» Provided data:

--------------------------------

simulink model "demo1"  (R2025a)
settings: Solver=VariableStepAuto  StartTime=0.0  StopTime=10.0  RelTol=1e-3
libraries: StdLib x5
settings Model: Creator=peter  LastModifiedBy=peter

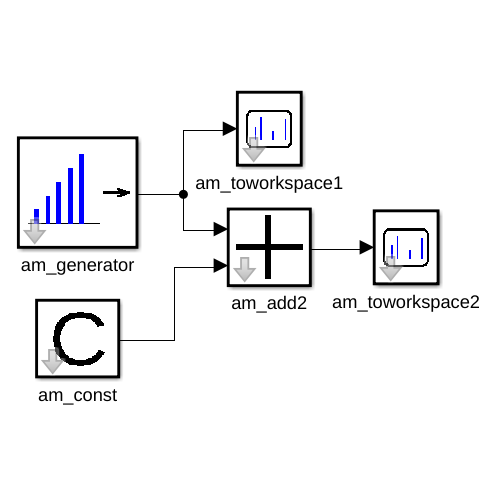
[thumbnail: Simulink's stored preview of the top-level diagram]
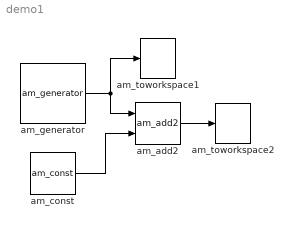
== system demo1 ==
  am_add2 : StdLib/am_add2  tau=[0,1]  debug=0
  am_const : StdLib/am_const  value=3  sendTime=[0,1]  debug=0
      settings: SourceProductName=Sources
  am_generator : StdLib/am_generator  tG=1  n0=1  nG=inf  tD=[0,2]  debug=0
  am_toworkspace1 : StdLib/am_toworkspace  varname="\"input\""  t0=0  format="\"vector\""  tau=[0,5]  debug=0
  am_toworkspace2 : StdLib/am_toworkspace  varname="\"result\""  t0=0  format="\"vector\""  tau=[0,5]  debug=0
  wires:
  am_const/1 -> am_add2/2
  am_generator/1 -> am_add2/1, am_toworkspace1/1
  am_add2/1 -> am_toworkspace2/1

--------------------------------

» Task item: A word-for-word copy of the lines from the start of the listing through the line containing "settings: SourceProductName=Sources" is the answer. Pictures stay out of it.

» Result:
simulink model "demo1"  (R2025a)
settings: Solver=VariableStepAuto  StartTime=0.0  StopTime=10.0  RelTol=1e-3
libraries: StdLib x5
settings Model: Creator=peter  LastModifiedBy=peter

[thumbnail: Simulink's stored preview of the top-level diagram]
== system demo1 ==
  am_add2 : StdLib/am_add2  tau=[0,1]  debug=0
  am_const : StdLib/am_const  value=3  sendTime=[0,1]  debug=0
      settings: SourceProductName=Sources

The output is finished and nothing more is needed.